START DATA SHOWN

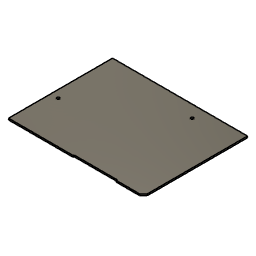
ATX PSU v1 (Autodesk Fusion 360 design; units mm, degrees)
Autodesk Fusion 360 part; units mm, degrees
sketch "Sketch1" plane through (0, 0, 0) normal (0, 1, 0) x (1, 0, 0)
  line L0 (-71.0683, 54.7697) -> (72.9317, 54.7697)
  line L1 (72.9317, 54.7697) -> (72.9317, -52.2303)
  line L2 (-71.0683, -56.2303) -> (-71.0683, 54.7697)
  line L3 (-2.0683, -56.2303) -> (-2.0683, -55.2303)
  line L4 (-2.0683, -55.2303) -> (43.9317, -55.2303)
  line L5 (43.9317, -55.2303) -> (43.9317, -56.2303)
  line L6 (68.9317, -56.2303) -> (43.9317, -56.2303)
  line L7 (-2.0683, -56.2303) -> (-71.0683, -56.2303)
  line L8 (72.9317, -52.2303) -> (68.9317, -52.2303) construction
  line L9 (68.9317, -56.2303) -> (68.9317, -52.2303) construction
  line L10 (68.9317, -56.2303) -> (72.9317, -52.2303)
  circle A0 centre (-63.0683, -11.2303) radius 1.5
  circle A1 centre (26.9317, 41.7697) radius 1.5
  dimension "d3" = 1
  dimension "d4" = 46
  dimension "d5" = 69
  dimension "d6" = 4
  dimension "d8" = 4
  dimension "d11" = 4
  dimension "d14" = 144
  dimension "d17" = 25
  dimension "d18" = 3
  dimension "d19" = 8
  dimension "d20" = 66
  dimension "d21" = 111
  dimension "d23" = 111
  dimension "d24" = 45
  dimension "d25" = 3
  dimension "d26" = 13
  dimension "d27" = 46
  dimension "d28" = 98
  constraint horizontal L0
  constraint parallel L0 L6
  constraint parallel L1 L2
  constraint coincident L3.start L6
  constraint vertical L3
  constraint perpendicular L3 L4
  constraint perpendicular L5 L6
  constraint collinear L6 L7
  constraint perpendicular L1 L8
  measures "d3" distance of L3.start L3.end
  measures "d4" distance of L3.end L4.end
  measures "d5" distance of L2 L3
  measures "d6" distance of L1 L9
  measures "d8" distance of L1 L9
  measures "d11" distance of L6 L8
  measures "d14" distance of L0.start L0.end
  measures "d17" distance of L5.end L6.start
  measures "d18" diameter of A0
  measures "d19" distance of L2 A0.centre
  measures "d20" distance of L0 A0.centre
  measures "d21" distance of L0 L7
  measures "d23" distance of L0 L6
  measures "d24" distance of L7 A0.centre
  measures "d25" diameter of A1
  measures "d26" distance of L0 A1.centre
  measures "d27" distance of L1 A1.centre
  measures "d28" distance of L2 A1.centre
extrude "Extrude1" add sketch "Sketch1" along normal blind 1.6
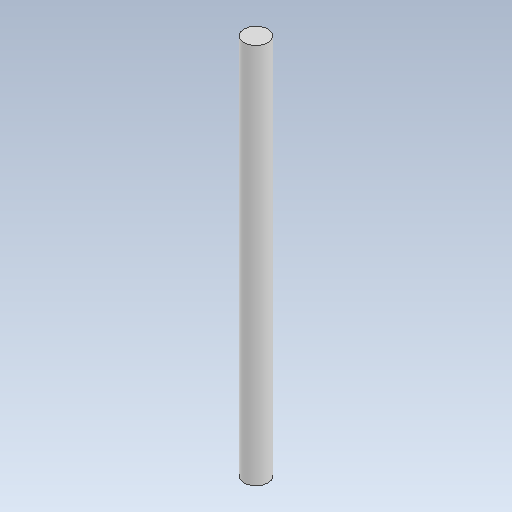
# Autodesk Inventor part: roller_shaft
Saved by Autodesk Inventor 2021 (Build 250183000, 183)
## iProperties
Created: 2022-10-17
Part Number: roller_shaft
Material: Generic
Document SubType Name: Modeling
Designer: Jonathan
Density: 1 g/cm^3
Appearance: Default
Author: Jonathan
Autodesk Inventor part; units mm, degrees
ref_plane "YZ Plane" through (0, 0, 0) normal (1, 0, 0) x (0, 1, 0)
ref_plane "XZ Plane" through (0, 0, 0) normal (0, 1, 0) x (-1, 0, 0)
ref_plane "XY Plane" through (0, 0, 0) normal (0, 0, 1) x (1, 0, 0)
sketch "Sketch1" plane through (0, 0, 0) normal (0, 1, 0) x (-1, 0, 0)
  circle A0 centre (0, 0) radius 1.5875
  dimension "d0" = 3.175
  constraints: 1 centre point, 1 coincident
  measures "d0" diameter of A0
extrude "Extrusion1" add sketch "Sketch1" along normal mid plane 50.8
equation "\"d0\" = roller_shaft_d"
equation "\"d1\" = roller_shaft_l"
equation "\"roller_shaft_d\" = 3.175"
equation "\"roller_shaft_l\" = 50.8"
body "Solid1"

END DATA SHOWN

■ **AIM OF THE TASK**: This task calls for the records to be copied exactly, without pictures.

■ **OUTPUT FOR THIS TASK**:
ATX PSU v1 (Autodesk Fusion 360 design; units mm, degrees)
Autodesk Fusion 360 part; units mm, degrees
sketch "Sketch1" plane through (0, 0, 0) normal (0, 1, 0) x (1, 0, 0)
  line L0 (-71.0683, 54.7697) -> (72.9317, 54.7697)
  line L1 (72.9317, 54.7697) -> (72.9317, -52.2303)
  line L2 (-71.0683, -56.2303) -> (-71.0683, 54.7697)
  line L3 (-2.0683, -56.2303) -> (-2.0683, -55.2303)
  line L4 (-2.0683, -55.2303) -> (43.9317, -55.2303)
  line L5 (43.9317, -55.2303) -> (43.9317, -56.2303)
  line L6 (68.9317, -56.2303) -> (43.9317, -56.2303)
  line L7 (-2.0683, -56.2303) -> (-71.0683, -56.2303)
  line L8 (72.9317, -52.2303) -> (68.9317, -52.2303) construction
  line L9 (68.9317, -56.2303) -> (68.9317, -52.2303) construction
  line L10 (68.9317, -56.2303) -> (72.9317, -52.2303)
  circle A0 centre (-63.0683, -11.2303) radius 1.5
  circle A1 centre (26.9317, 41.7697) radius 1.5
  dimension "d3" = 1
  dimension "d4" = 46
  dimension "d5" = 69
  dimension "d6" = 4
  dimension "d8" = 4
  dimension "d11" = 4
  dimension "d14" = 144
  dimension "d17" = 25
  dimension "d18" = 3
  dimension "d19" = 8
  dimension "d20" = 66
  dimension "d21" = 111
  dimension "d23" = 111
  dimension "d24" = 45
  dimension "d25" = 3
  dimension "d26" = 13
  dimension "d27" = 46
  dimension "d28" = 98
  constraint horizontal L0
  constraint parallel L0 L6
  constraint parallel L1 L2
  constraint coincident L3.start L6
  constraint vertical L3
  constraint perpendicular L3 L4
  constraint perpendicular L5 L6
  constraint collinear L6 L7
  constraint perpendicular L1 L8
  measures "d3" distance of L3.start L3.end
  measures "d4" distance of L3.end L4.end
  measures "d5" distance of L2 L3
  measures "d6" distance of L1 L9
  measures "d8" distance of L1 L9
  measures "d11" distance of L6 L8
  measures "d14" distance of L0.start L0.end
  measures "d17" distance of L5.end L6.start
  measures "d18" diameter of A0
  measures "d19" distance of L2 A0.centre
  measures "d20" distance of L0 A0.centre
  measures "d21" distance of L0 L7
  measures "d23" distance of L0 L6
  measures "d24" distance of L7 A0.centre
  measures "d25" diameter of A1
  measures "d26" distance of L0 A1.centre
  measures "d27" distance of L1 A1.centre
  measures "d28" distance of L2 A1.centre
extrude "Extrude1" add sketch "Sketch1" along normal blind 1.6
# Autodesk Inventor part: roller_shaft
Saved by Autodesk Inventor 2021 (Build 250183000, 183)
## iProperties
Created: 2022-10-17
Part Number: roller_shaft
Material: Generic
Document SubType Name: Modeling
Designer: Jonathan
Density: 1 g/cm^3
Appearance: Default
Author: Jonathan
Autodesk Inventor part; units mm, degrees
ref_plane "YZ Plane" through (0, 0, 0) normal (1, 0, 0) x (0, 1, 0)
ref_plane "XZ Plane" through (0, 0, 0) normal (0, 1, 0) x (-1, 0, 0)
ref_plane "XY Plane" through (0, 0, 0) normal (0, 0, 1) x (1, 0, 0)
sketch "Sketch1" plane through (0, 0, 0) normal (0, 1, 0) x (-1, 0, 0)
  circle A0 centre (0, 0) radius 1.5875
  dimension "d0" = 3.175
  constraints: 1 centre point, 1 coincident
  measures "d0" diameter of A0
extrude "Extrusion1" add sketch "Sketch1" along normal mid plane 50.8
equation "\"d0\" = roller_shaft_d"
equation "\"d1\" = roller_shaft_l"
equation "\"roller_shaft_d\" = 3.175"
equation "\"roller_shaft_l\" = 50.8"
body "Solid1"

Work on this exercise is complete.